Content starts

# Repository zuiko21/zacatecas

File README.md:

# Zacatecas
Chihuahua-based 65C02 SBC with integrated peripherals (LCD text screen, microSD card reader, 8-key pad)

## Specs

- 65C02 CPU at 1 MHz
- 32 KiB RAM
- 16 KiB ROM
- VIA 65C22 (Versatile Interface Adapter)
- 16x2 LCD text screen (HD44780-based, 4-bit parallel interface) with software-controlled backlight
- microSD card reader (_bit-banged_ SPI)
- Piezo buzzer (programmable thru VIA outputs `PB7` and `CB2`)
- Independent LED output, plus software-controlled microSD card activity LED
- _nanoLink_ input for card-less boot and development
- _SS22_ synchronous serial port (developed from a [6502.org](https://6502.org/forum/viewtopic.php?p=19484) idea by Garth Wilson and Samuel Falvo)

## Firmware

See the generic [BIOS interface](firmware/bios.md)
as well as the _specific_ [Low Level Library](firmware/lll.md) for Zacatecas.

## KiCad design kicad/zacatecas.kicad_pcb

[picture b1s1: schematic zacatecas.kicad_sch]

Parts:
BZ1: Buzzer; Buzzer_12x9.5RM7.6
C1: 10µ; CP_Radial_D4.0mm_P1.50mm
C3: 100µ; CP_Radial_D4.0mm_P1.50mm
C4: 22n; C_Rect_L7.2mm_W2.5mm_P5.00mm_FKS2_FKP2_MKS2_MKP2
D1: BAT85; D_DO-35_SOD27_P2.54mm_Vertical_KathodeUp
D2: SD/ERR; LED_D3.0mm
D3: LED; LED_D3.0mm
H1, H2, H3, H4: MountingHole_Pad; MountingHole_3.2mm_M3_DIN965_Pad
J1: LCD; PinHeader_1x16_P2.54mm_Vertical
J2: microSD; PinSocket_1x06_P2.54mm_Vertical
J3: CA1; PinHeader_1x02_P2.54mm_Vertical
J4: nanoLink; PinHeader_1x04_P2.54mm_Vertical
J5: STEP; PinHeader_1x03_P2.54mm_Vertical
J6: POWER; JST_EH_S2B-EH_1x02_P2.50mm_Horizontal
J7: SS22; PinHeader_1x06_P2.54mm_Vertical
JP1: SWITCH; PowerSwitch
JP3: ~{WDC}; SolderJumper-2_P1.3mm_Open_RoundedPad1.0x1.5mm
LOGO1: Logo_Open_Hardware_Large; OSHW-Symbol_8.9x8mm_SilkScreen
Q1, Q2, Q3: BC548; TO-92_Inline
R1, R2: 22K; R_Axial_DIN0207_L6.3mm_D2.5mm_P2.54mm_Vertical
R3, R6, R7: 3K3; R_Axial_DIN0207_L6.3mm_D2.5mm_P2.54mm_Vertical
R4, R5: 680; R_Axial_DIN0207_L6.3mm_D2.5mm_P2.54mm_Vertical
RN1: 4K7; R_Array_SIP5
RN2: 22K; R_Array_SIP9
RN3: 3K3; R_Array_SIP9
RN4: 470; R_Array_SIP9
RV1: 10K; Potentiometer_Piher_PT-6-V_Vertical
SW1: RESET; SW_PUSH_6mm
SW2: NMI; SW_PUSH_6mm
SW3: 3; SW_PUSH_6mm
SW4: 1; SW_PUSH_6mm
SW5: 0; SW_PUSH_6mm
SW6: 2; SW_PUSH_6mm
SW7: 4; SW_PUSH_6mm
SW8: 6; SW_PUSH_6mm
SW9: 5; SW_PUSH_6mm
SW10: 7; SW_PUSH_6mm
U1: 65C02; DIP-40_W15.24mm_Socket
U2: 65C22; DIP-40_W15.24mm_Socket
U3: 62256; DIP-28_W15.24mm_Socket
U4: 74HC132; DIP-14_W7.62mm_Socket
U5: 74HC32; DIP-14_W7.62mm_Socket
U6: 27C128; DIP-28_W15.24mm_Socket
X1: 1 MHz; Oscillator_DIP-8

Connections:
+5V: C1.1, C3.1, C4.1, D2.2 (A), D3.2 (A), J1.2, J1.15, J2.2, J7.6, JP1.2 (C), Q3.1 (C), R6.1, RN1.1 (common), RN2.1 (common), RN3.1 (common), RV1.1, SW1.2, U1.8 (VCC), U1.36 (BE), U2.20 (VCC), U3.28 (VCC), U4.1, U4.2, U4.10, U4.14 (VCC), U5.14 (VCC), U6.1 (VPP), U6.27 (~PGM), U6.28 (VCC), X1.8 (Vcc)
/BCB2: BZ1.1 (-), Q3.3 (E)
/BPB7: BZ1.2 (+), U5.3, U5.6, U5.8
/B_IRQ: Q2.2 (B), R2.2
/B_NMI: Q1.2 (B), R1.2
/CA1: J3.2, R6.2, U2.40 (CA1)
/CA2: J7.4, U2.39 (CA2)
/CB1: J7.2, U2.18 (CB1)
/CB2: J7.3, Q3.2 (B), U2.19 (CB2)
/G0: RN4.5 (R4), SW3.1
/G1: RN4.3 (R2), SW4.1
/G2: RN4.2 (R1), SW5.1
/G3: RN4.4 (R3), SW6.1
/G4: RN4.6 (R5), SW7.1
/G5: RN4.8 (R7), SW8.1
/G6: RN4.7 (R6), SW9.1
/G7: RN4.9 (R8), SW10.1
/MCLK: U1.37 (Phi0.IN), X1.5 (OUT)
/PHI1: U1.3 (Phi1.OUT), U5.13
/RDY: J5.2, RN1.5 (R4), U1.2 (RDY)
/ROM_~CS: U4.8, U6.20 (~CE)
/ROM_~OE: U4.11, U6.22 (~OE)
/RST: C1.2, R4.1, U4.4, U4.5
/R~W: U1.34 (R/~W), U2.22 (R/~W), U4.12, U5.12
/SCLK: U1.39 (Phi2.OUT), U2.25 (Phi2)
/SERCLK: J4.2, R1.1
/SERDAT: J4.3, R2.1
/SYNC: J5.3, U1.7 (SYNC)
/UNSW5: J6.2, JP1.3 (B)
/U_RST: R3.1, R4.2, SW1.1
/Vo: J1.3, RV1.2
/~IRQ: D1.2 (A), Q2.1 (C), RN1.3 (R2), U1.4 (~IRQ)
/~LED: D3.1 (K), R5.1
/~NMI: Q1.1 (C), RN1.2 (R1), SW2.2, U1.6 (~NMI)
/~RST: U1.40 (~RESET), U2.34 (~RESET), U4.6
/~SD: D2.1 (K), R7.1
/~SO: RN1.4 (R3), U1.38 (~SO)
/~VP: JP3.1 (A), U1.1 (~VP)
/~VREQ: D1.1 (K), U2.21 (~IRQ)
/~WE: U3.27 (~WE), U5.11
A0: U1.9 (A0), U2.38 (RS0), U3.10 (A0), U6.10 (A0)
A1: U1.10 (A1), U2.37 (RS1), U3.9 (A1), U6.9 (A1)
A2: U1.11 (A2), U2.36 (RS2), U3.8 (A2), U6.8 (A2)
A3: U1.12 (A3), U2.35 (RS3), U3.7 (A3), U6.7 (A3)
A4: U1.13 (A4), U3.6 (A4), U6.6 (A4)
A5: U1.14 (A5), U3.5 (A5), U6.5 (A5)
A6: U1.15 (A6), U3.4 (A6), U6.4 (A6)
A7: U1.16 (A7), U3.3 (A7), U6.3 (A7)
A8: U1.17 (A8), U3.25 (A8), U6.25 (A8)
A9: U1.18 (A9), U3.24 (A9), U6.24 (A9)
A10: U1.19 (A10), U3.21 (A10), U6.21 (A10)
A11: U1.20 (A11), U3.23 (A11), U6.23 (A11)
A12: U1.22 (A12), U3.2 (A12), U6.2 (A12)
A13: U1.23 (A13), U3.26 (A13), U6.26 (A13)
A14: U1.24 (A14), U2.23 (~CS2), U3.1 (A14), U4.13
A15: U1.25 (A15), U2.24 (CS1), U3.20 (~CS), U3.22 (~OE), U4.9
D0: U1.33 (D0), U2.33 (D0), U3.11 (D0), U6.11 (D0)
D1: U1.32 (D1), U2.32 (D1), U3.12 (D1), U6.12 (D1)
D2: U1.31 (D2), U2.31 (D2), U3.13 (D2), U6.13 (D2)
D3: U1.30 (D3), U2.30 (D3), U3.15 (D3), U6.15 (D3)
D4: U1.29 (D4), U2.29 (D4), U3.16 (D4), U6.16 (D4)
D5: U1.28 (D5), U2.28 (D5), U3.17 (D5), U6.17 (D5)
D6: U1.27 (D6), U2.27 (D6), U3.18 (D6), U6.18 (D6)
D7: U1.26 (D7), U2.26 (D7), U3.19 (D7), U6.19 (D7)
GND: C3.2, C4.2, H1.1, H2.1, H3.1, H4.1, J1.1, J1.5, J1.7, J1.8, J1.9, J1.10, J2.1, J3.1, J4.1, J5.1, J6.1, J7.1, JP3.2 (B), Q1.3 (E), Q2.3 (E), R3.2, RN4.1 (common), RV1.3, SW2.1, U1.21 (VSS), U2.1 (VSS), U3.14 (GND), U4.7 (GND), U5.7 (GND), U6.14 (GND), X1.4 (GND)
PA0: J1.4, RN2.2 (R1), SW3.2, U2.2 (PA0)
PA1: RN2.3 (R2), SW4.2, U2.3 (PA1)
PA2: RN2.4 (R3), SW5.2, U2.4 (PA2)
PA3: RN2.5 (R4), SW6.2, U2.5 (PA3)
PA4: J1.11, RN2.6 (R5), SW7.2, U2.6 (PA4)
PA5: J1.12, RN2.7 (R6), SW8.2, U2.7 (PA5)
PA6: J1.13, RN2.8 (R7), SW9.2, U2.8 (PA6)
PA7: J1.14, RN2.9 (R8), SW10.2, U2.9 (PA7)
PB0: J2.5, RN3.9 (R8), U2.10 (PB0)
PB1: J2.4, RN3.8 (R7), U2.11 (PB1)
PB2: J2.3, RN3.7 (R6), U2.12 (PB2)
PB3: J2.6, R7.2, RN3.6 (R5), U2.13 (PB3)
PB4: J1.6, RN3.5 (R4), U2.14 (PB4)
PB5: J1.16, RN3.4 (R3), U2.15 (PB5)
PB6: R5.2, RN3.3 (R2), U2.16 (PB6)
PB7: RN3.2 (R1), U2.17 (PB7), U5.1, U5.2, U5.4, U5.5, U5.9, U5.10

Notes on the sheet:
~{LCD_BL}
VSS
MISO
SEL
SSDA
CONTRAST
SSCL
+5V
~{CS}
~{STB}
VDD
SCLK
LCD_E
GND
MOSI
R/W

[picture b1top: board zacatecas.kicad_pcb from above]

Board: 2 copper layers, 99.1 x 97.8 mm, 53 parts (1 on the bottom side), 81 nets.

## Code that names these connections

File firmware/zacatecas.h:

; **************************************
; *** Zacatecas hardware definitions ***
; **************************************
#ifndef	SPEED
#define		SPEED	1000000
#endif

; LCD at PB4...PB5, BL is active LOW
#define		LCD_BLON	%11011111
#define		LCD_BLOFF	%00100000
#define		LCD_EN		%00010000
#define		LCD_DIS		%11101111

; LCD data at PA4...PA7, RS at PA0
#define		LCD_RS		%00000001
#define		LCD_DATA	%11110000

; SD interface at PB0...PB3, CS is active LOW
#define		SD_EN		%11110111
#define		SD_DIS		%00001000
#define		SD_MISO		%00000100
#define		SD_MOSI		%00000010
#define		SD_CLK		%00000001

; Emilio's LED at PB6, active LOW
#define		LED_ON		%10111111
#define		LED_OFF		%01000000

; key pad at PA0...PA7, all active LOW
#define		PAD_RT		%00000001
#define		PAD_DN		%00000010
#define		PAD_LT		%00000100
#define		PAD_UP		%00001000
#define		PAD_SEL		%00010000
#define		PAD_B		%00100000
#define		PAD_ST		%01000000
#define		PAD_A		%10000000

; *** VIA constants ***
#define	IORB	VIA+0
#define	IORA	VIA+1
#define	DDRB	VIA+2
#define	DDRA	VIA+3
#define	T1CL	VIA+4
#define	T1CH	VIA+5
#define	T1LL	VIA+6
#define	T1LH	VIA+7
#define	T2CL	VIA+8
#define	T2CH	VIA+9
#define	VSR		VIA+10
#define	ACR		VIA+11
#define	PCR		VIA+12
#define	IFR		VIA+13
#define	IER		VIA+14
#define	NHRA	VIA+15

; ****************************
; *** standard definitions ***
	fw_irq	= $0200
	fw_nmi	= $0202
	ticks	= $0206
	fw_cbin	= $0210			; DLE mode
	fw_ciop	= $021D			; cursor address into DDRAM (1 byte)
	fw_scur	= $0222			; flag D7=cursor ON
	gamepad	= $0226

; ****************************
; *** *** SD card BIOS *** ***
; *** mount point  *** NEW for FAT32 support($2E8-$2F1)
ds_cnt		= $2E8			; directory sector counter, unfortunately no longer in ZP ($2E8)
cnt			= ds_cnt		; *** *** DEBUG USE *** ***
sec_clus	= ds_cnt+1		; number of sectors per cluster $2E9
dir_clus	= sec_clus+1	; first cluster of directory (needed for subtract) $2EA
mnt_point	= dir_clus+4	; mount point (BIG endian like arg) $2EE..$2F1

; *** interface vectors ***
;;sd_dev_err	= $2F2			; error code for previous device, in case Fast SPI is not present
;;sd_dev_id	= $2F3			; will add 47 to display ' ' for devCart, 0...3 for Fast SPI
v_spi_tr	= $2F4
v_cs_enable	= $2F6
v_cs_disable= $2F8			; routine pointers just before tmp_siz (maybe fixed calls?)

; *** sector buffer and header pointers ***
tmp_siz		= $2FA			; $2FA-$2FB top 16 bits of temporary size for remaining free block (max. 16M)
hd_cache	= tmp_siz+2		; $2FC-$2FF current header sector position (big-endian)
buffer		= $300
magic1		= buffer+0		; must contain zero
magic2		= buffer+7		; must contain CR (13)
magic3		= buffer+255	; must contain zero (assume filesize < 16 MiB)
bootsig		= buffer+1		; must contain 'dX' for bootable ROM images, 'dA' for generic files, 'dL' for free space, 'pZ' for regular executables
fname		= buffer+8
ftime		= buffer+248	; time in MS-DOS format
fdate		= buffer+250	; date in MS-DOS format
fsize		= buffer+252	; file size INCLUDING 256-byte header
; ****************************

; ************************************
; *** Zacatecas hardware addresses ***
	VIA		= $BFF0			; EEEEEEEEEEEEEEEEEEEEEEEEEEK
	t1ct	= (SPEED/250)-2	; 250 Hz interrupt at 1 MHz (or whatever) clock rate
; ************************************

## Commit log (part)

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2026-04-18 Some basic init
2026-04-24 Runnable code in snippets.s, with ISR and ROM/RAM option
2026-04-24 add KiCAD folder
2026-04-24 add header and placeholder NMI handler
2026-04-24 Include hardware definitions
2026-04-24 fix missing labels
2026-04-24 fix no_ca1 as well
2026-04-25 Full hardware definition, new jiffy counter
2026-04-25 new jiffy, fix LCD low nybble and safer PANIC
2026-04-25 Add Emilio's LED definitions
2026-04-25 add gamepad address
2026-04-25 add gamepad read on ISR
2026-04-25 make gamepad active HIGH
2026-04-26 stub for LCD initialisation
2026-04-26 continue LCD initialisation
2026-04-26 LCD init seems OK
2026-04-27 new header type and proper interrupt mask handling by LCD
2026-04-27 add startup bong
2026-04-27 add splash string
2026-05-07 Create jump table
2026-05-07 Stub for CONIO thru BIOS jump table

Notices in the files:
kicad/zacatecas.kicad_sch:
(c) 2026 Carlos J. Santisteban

Content ends

*How to complete this task:* Write down exactly every line of the material above up to and including the line containing "as well as the".

*Exercise result:*
# Repository zuiko21/zacatecas

File README.md:

# Zacatecas
Chihuahua-based 65C02 SBC with integrated peripherals (LCD text screen, microSD card reader, 8-key pad)

## Specs

- 65C02 CPU at 1 MHz
- 32 KiB RAM
- 16 KiB ROM
- VIA 65C22 (Versatile Interface Adapter)
- 16x2 LCD text screen (HD44780-based, 4-bit parallel interface) with software-controlled backlight
- microSD card reader (_bit-banged_ SPI)
- Piezo buzzer (programmable thru VIA outputs `PB7` and `CB2`)
- Independent LED output, plus software-controlled microSD card activity LED
- _nanoLink_ input for card-less boot and development
- _SS22_ synchronous serial port (developed from a [6502.org](https://6502.org/forum/viewtopic.php?p=19484) idea by Garth Wilson and Samuel Falvo)

## Firmware

See the generic [BIOS interface](firmware/bios.md)
as well as the _specific_ [Low Level Library](firmware/lll.md) for Zacatecas.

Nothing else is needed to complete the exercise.